Friday, November 28, 2014
Hello, I need help in determining if I should follow up on my recent CT Scan / MRI. I was sent to a Urology from my regular MD and he acted as if, "What are you doing here?" The CT Scan showed 1. The left and right kidneys demonstrate syminetic enhancement. Multiple low attenuation lesions are pressent within the renal cortex bilaterally. These lesions measure higher than fluid density and DO NOT meet criteria for simple cysts. The largest measuring a 2.5 cm at the upper pole of the right kidney appears to demonstrate a suble low attenuation junction with the bordering right kidney. There is midle prominence of the right uteter and suble enhancement of the uretheliem extending to the level of the urinary bladder. A follow up MRI should be done with particular attention to the largest lesion at the upper pole of the right kidney which appears to demonstrate an infulrative or edematous border with surrounding renal parenchyma. This could represent an infection provess.

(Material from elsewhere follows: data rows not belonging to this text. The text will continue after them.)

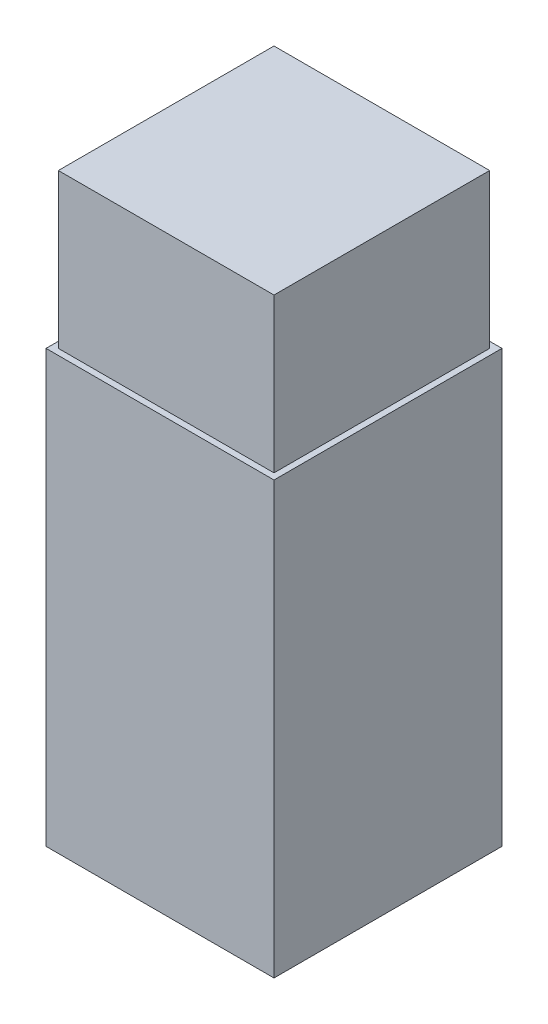
ISO-10303-21;
HEADER;
FILE_DESCRIPTION(('STEP AP214'),'2;1');
FILE_NAME('part.step','',(''),(''),'','','');
FILE_SCHEMA(('AUTOMOTIVE_DESIGN { 1 0 10303 214 1 1 1 1 }'));
ENDSEC;
DATA;
#1=APPLICATION_CONTEXT('core data for automotive mechanical design processes');
#2=APPLICATION_PROTOCOL_DEFINITION('international standard','automotive_design',2000,#1);
#3=PRODUCT_CONTEXT('',#1,'mechanical');
#4=PRODUCT('Part','Part','',(#3));
#5=PRODUCT_RELATED_PRODUCT_CATEGORY('part','',(#4));
#6=PRODUCT_DEFINITION_FORMATION('','',#4);
#7=PRODUCT_DEFINITION_CONTEXT('part definition',#1,'design');
#8=PRODUCT_DEFINITION('design','',#6,#7);
#9=PRODUCT_DEFINITION_SHAPE('','',#8);
#10=(LENGTH_UNIT() NAMED_UNIT(*) SI_UNIT(.MILLI.,.METRE.));
#11=(NAMED_UNIT(*) PLANE_ANGLE_UNIT() SI_UNIT($,.RADIAN.));
#12=(NAMED_UNIT(*) SI_UNIT($,.STERADIAN.) SOLID_ANGLE_UNIT());
#13=UNCERTAINTY_MEASURE_WITH_UNIT(LENGTH_MEASURE(1.E-05),#10,'distance_accuracy_value','');
#14=(GEOMETRIC_REPRESENTATION_CONTEXT(3) GLOBAL_UNCERTAINTY_ASSIGNED_CONTEXT((#13)) GLOBAL_UNIT_ASSIGNED_CONTEXT((#10,
#11,#12)) REPRESENTATION_CONTEXT('',''));
#15=CARTESIAN_POINT('',(0.,0.,0.));
#16=DIRECTION('',(0.,0.,1.));
#17=DIRECTION('',(1.,0.,0.));
#18=AXIS2_PLACEMENT_3D('',#15,#16,#17);
#19=CARTESIAN_POINT('',(0.,70.,0.));
#20=DIRECTION('',(0.,-1.,0.));
#21=DIRECTION('',(0.,0.,-1.));
#22=AXIS2_PLACEMENT_3D('',#19,#20,#21);
#23=PLANE('',#22);
#24=DIRECTION('',(0.,0.,1.));
#25=VECTOR('',#24,1.);
#26=CARTESIAN_POINT('',(0.,70.,0.));
#27=LINE('',#26,#25);
#28=CARTESIAN_POINT('',(0.,70.,-37.));
#29=VERTEX_POINT('',#28);
#30=CARTESIAN_POINT('',(0.,70.,0.));
#31=VERTEX_POINT('',#30);
#32=EDGE_CURVE('E139',#29,#31,#27,.T.);
#33=ORIENTED_EDGE('',*,*,#32,.T.);
#34=DIRECTION('',(1.,0.,0.));
#35=VECTOR('',#34,1.);
#36=CARTESIAN_POINT('',(0.,70.,0.));
#37=LINE('',#36,#35);
#38=CARTESIAN_POINT('',(37.,70.,0.));
#39=VERTEX_POINT('',#38);
#40=EDGE_CURVE('E143',#31,#39,#37,.T.);
#41=ORIENTED_EDGE('',*,*,#40,.T.);
#42=DIRECTION('',(0.,0.,-1.));
#43=VECTOR('',#42,1.);
#44=CARTESIAN_POINT('',(37.,70.,0.));
#45=LINE('',#44,#43);
#46=CARTESIAN_POINT('',(37.,70.,-37.));
#47=VERTEX_POINT('',#46);
#48=EDGE_CURVE('E147',#39,#47,#45,.T.);
#49=ORIENTED_EDGE('',*,*,#48,.T.);
#50=DIRECTION('',(-1.,0.,0.));
#51=VECTOR('',#50,1.);
#52=CARTESIAN_POINT('',(0.,70.,-37.));
#53=LINE('',#52,#51);
#54=EDGE_CURVE('E150',#47,#29,#53,.T.);
#55=ORIENTED_EDGE('',*,*,#54,.T.);
#56=EDGE_LOOP('',(#33,#41,#49,#55));
#57=FACE_BOUND('',#56,.T.);
#58=DIRECTION('',(0.,0.,1.));
#59=VECTOR('',#58,1.);
#60=CARTESIAN_POINT('',(1.,70.,-1.));
#61=LINE('',#60,#59);
#62=CARTESIAN_POINT('',(1.,70.,-36.));
#63=VERTEX_POINT('',#62);
#64=CARTESIAN_POINT('',(1.,70.,-1.));
#65=VERTEX_POINT('',#64);
#66=EDGE_CURVE('E55',#63,#65,#61,.T.);
#67=ORIENTED_EDGE('',*,*,#66,.F.);
#68=DIRECTION('',(-1.,0.,0.));
#69=VECTOR('',#68,1.);
#70=CARTESIAN_POINT('',(1.,70.,-36.));
#71=LINE('',#70,#69);
#72=CARTESIAN_POINT('',(36.,70.,-36.));
#73=VERTEX_POINT('',#72);
#74=EDGE_CURVE('E59',#73,#63,#71,.T.);
#75=ORIENTED_EDGE('',*,*,#74,.F.);
#76=DIRECTION('',(0.,0.,-1.));
#77=VECTOR('',#76,1.);
#78=CARTESIAN_POINT('',(36.,70.,-1.));
#79=LINE('',#78,#77);
#80=CARTESIAN_POINT('',(36.,70.,-1.));
#81=VERTEX_POINT('',#80);
#82=EDGE_CURVE('E283',#81,#73,#79,.T.);
#83=ORIENTED_EDGE('',*,*,#82,.F.);
#84=DIRECTION('',(1.,0.,0.));
#85=VECTOR('',#84,1.);
#86=CARTESIAN_POINT('',(1.,70.,-1.));
#87=LINE('',#86,#85);
#88=EDGE_CURVE('E293',#65,#81,#87,.T.);
#89=ORIENTED_EDGE('',*,*,#88,.F.);
#90=EDGE_LOOP('',(#67,#75,#83,#89));
#91=FACE_BOUND('',#90,.T.);
#92=ADVANCED_FACE('F39',(#57,#91),#23,.F.);
#93=CARTESIAN_POINT('',(0.,70.,0.));
#94=DIRECTION('',(1.,0.,0.));
#95=DIRECTION('',(0.,0.,-1.));
#96=AXIS2_PLACEMENT_3D('',#93,#94,#95);
#97=PLANE('',#96);
#98=DIRECTION('',(0.,0.,1.));
#99=VECTOR('',#98,1.);
#100=CARTESIAN_POINT('',(0.,0.,0.));
#101=LINE('',#100,#99);
#102=CARTESIAN_POINT('',(0.,0.,-37.));
#103=VERTEX_POINT('',#102);
#104=CARTESIAN_POINT('',(0.,0.,0.));
#105=VERTEX_POINT('',#104);
#106=EDGE_CURVE('E128',#103,#105,#101,.T.);
#107=ORIENTED_EDGE('',*,*,#106,.T.);
#108=DIRECTION('',(0.,-1.,0.));
#109=VECTOR('',#108,1.);
#110=CARTESIAN_POINT('',(0.,70.,0.));
#111=LINE('',#110,#109);
#112=EDGE_CURVE('E11',#31,#105,#111,.T.);
#113=ORIENTED_EDGE('',*,*,#112,.F.);
#114=ORIENTED_EDGE('',*,*,#32,.F.);
#115=DIRECTION('',(0.,-1.,0.));
#116=VECTOR('',#115,1.);
#117=CARTESIAN_POINT('',(0.,70.,-37.));
#118=LINE('',#117,#116);
#119=EDGE_CURVE('E152',#29,#103,#118,.T.);
#120=ORIENTED_EDGE('',*,*,#119,.T.);
#121=EDGE_LOOP('',(#107,#113,#114,#120));
#122=FACE_BOUND('',#121,.T.);
#123=ADVANCED_FACE('F41',(#122),#97,.F.);
#124=CARTESIAN_POINT('',(0.,70.,0.));
#125=DIRECTION('',(0.,0.,-1.));
#126=DIRECTION('',(-1.,0.,0.));
#127=AXIS2_PLACEMENT_3D('',#124,#125,#126);
#128=PLANE('',#127);
#129=DIRECTION('',(1.,0.,0.));
#130=VECTOR('',#129,1.);
#131=CARTESIAN_POINT('',(0.,0.,0.));
#132=LINE('',#131,#130);
#133=CARTESIAN_POINT('',(37.,0.,0.));
#134=VERTEX_POINT('',#133);
#135=EDGE_CURVE('E133',#105,#134,#132,.T.);
#136=ORIENTED_EDGE('',*,*,#135,.T.);
#137=DIRECTION('',(0.,-1.,0.));
#138=VECTOR('',#137,1.);
#139=CARTESIAN_POINT('',(37.,70.,0.));
#140=LINE('',#139,#138);
#141=EDGE_CURVE('E48',#39,#134,#140,.T.);
#142=ORIENTED_EDGE('',*,*,#141,.F.);
#143=ORIENTED_EDGE('',*,*,#40,.F.);
#144=ORIENTED_EDGE('',*,*,#112,.T.);
#145=EDGE_LOOP('',(#136,#142,#143,#144));
#146=FACE_BOUND('',#145,.T.);
#147=ADVANCED_FACE('F188',(#146),#128,.F.);
#148=CARTESIAN_POINT('',(37.,70.,0.));
#149=DIRECTION('',(-1.,0.,0.));
#150=DIRECTION('',(0.,0.,1.));
#151=AXIS2_PLACEMENT_3D('',#148,#149,#150);
#152=PLANE('',#151);
#153=DIRECTION('',(0.,0.,-1.));
#154=VECTOR('',#153,1.);
#155=CARTESIAN_POINT('',(37.,0.,0.));
#156=LINE('',#155,#154);
#157=CARTESIAN_POINT('',(37.,0.,-37.));
#158=VERTEX_POINT('',#157);
#159=EDGE_CURVE('E156',#134,#158,#156,.T.);
#160=ORIENTED_EDGE('',*,*,#159,.T.);
#161=DIRECTION('',(0.,-1.,0.));
#162=VECTOR('',#161,1.);
#163=CARTESIAN_POINT('',(37.,70.,-37.));
#164=LINE('',#163,#162);
#165=EDGE_CURVE('E164',#47,#158,#164,.T.);
#166=ORIENTED_EDGE('',*,*,#165,.F.);
#167=ORIENTED_EDGE('',*,*,#48,.F.);
#168=ORIENTED_EDGE('',*,*,#141,.T.);
#169=EDGE_LOOP('',(#160,#166,#167,#168));
#170=FACE_BOUND('',#169,.T.);
#171=ADVANCED_FACE('F173',(#170),#152,.F.);
#172=CARTESIAN_POINT('',(0.,70.,-37.));
#173=DIRECTION('',(0.,0.,1.));
#174=DIRECTION('',(1.,0.,0.));
#175=AXIS2_PLACEMENT_3D('',#172,#173,#174);
#176=PLANE('',#175);
#177=DIRECTION('',(-1.,0.,0.));
#178=VECTOR('',#177,1.);
#179=CARTESIAN_POINT('',(0.,0.,-37.));
#180=LINE('',#179,#178);
#181=EDGE_CURVE('E144',#158,#103,#180,.T.);
#182=ORIENTED_EDGE('',*,*,#181,.T.);
#183=ORIENTED_EDGE('',*,*,#119,.F.);
#184=ORIENTED_EDGE('',*,*,#54,.F.);
#185=ORIENTED_EDGE('',*,*,#165,.T.);
#186=EDGE_LOOP('',(#182,#183,#184,#185));
#187=FACE_BOUND('',#186,.T.);
#188=ADVANCED_FACE('F182',(#187),#176,.F.);
#189=CARTESIAN_POINT('',(0.,0.,0.));
#190=DIRECTION('',(0.,-1.,0.));
#191=DIRECTION('',(0.,0.,-1.));
#192=AXIS2_PLACEMENT_3D('',#189,#190,#191);
#193=PLANE('',#192);
#194=ORIENTED_EDGE('',*,*,#106,.F.);
#195=ORIENTED_EDGE('',*,*,#181,.F.);
#196=ORIENTED_EDGE('',*,*,#159,.F.);
#197=ORIENTED_EDGE('',*,*,#135,.F.);
#198=EDGE_LOOP('',(#194,#195,#196,#197));
#199=FACE_BOUND('',#198,.T.);
#200=ADVANCED_FACE('F179',(#199),#193,.T.);
#201=CARTESIAN_POINT('',(1.,95.,-1.));
#202=DIRECTION('',(1.,0.,0.));
#203=DIRECTION('',(0.,0.,-1.));
#204=AXIS2_PLACEMENT_3D('',#201,#202,#203);
#205=PLANE('',#204);
#206=ORIENTED_EDGE('',*,*,#66,.T.);
#207=DIRECTION('',(0.,-1.,0.));
#208=VECTOR('',#207,1.);
#209=CARTESIAN_POINT('',(1.,95.,-1.));
#210=LINE('',#209,#208);
#211=CARTESIAN_POINT('',(1.,95.,-1.));
#212=VERTEX_POINT('',#211);
#213=EDGE_CURVE('E108',#212,#65,#210,.T.);
#214=ORIENTED_EDGE('',*,*,#213,.F.);
#215=DIRECTION('',(0.,0.,1.));
#216=VECTOR('',#215,1.);
#217=CARTESIAN_POINT('',(1.,95.,-1.));
#218=LINE('',#217,#216);
#219=CARTESIAN_POINT('',(1.,95.,-36.));
#220=VERTEX_POINT('',#219);
#221=EDGE_CURVE('E115',#220,#212,#218,.T.);
#222=ORIENTED_EDGE('',*,*,#221,.F.);
#223=DIRECTION('',(0.,-1.,0.));
#224=VECTOR('',#223,1.);
#225=CARTESIAN_POINT('',(1.,95.,-36.));
#226=LINE('',#225,#224);
#227=EDGE_CURVE('E280',#220,#63,#226,.T.);
#228=ORIENTED_EDGE('',*,*,#227,.T.);
#229=EDGE_LOOP('',(#206,#214,#222,#228));
#230=FACE_BOUND('',#229,.T.);
#231=ADVANCED_FACE('F126',(#230),#205,.F.);
#232=CARTESIAN_POINT('',(1.,95.,-1.));
#233=DIRECTION('',(0.,0.,-1.));
#234=DIRECTION('',(-1.,0.,0.));
#235=AXIS2_PLACEMENT_3D('',#232,#233,#234);
#236=PLANE('',#235);
#237=ORIENTED_EDGE('',*,*,#88,.T.);
#238=DIRECTION('',(0.,-1.,0.));
#239=VECTOR('',#238,1.);
#240=CARTESIAN_POINT('',(36.,95.,-1.));
#241=LINE('',#240,#239);
#242=CARTESIAN_POINT('',(36.,95.,-1.));
#243=VERTEX_POINT('',#242);
#244=EDGE_CURVE('E110',#243,#81,#241,.T.);
#245=ORIENTED_EDGE('',*,*,#244,.F.);
#246=DIRECTION('',(1.,0.,0.));
#247=VECTOR('',#246,1.);
#248=CARTESIAN_POINT('',(1.,95.,-1.));
#249=LINE('',#248,#247);
#250=EDGE_CURVE('E103',#212,#243,#249,.T.);
#251=ORIENTED_EDGE('',*,*,#250,.F.);
#252=ORIENTED_EDGE('',*,*,#213,.T.);
#253=EDGE_LOOP('',(#237,#245,#251,#252));
#254=FACE_BOUND('',#253,.T.);
#255=ADVANCED_FACE('F106',(#254),#236,.F.);
#256=CARTESIAN_POINT('',(36.,95.,-1.));
#257=DIRECTION('',(-1.,0.,0.));
#258=DIRECTION('',(0.,0.,1.));
#259=AXIS2_PLACEMENT_3D('',#256,#257,#258);
#260=PLANE('',#259);
#261=ORIENTED_EDGE('',*,*,#82,.T.);
#262=DIRECTION('',(0.,-1.,0.));
#263=VECTOR('',#262,1.);
#264=CARTESIAN_POINT('',(36.,95.,-36.));
#265=LINE('',#264,#263);
#266=CARTESIAN_POINT('',(36.,95.,-36.));
#267=VERTEX_POINT('',#266);
#268=EDGE_CURVE('E135',#267,#73,#265,.T.);
#269=ORIENTED_EDGE('',*,*,#268,.F.);
#270=DIRECTION('',(0.,0.,-1.));
#271=VECTOR('',#270,1.);
#272=CARTESIAN_POINT('',(36.,95.,-1.));
#273=LINE('',#272,#271);
#274=EDGE_CURVE('E114',#243,#267,#273,.T.);
#275=ORIENTED_EDGE('',*,*,#274,.F.);
#276=ORIENTED_EDGE('',*,*,#244,.T.);
#277=EDGE_LOOP('',(#261,#269,#275,#276));
#278=FACE_BOUND('',#277,.T.);
#279=ADVANCED_FACE('F224',(#278),#260,.F.);
#280=CARTESIAN_POINT('',(1.,95.,-36.));
#281=DIRECTION('',(0.,0.,1.));
#282=DIRECTION('',(1.,0.,0.));
#283=AXIS2_PLACEMENT_3D('',#280,#281,#282);
#284=PLANE('',#283);
#285=ORIENTED_EDGE('',*,*,#74,.T.);
#286=ORIENTED_EDGE('',*,*,#227,.F.);
#287=DIRECTION('',(-1.,0.,0.));
#288=VECTOR('',#287,1.);
#289=CARTESIAN_POINT('',(1.,95.,-36.));
#290=LINE('',#289,#288);
#291=EDGE_CURVE('E120',#267,#220,#290,.T.);
#292=ORIENTED_EDGE('',*,*,#291,.F.);
#293=ORIENTED_EDGE('',*,*,#268,.T.);
#294=EDGE_LOOP('',(#285,#286,#292,#293));
#295=FACE_BOUND('',#294,.T.);
#296=ADVANCED_FACE('F230',(#295),#284,.F.);
#297=CARTESIAN_POINT('',(0.,95.,0.));
#298=DIRECTION('',(0.,-1.,0.));
#299=DIRECTION('',(0.,0.,-1.));
#300=AXIS2_PLACEMENT_3D('',#297,#298,#299);
#301=PLANE('',#300);
#302=ORIENTED_EDGE('',*,*,#221,.T.);
#303=ORIENTED_EDGE('',*,*,#250,.T.);
#304=ORIENTED_EDGE('',*,*,#274,.T.);
#305=ORIENTED_EDGE('',*,*,#291,.T.);
#306=EDGE_LOOP('',(#302,#303,#304,#305));
#307=FACE_BOUND('',#306,.T.);
#308=ADVANCED_FACE('F118',(#307),#301,.F.);
#309=CLOSED_SHELL('',(#92,#123,#147,#171,#188,#200,#231,#255,#279,#296,#308));
#310=MANIFOLD_SOLID_BREP('B2',#309);
#311=ADVANCED_BREP_SHAPE_REPRESENTATION('',(#18,#310),#14);
#312=SHAPE_DEFINITION_REPRESENTATION(#9,#311);
ENDSEC;
END-ISO-10303-21;

MRI was done several days later and the finding were 1. Multiple bilateral exoplytic renal cortical cysts are present The largest cyst on the right previous demonstrated a halo of relative low attenuation of the surrounding renal parenchyma. The raised concern for a possible infectious process. However, on the currect examination, the halo is not definitely identified on pre or post contrast sequences. The cyst deomstrates mildly increased signal intensity on T1 weighted sequences suggesting proteinaceous contents. There is no appreciable enhancement following contrast administration. 2. A 5.mm cyst within the left kideny demonstrates high signal intensity on T1 weighted sequences and low sigal intensity on T2 weighted sequences most likely representing a hemorrhagic cyst. This lesion becomes obscured when intravenous contrast is administered. No definite suspicious lesions are appreciated. A follow up mri in one year. Also I would like to mention that I have had one the last year high Wbc counts and no sign of infections. Resently my whc was high my platelets 441 high. Weight loss of 30 pounds without dieting. Now this is the question.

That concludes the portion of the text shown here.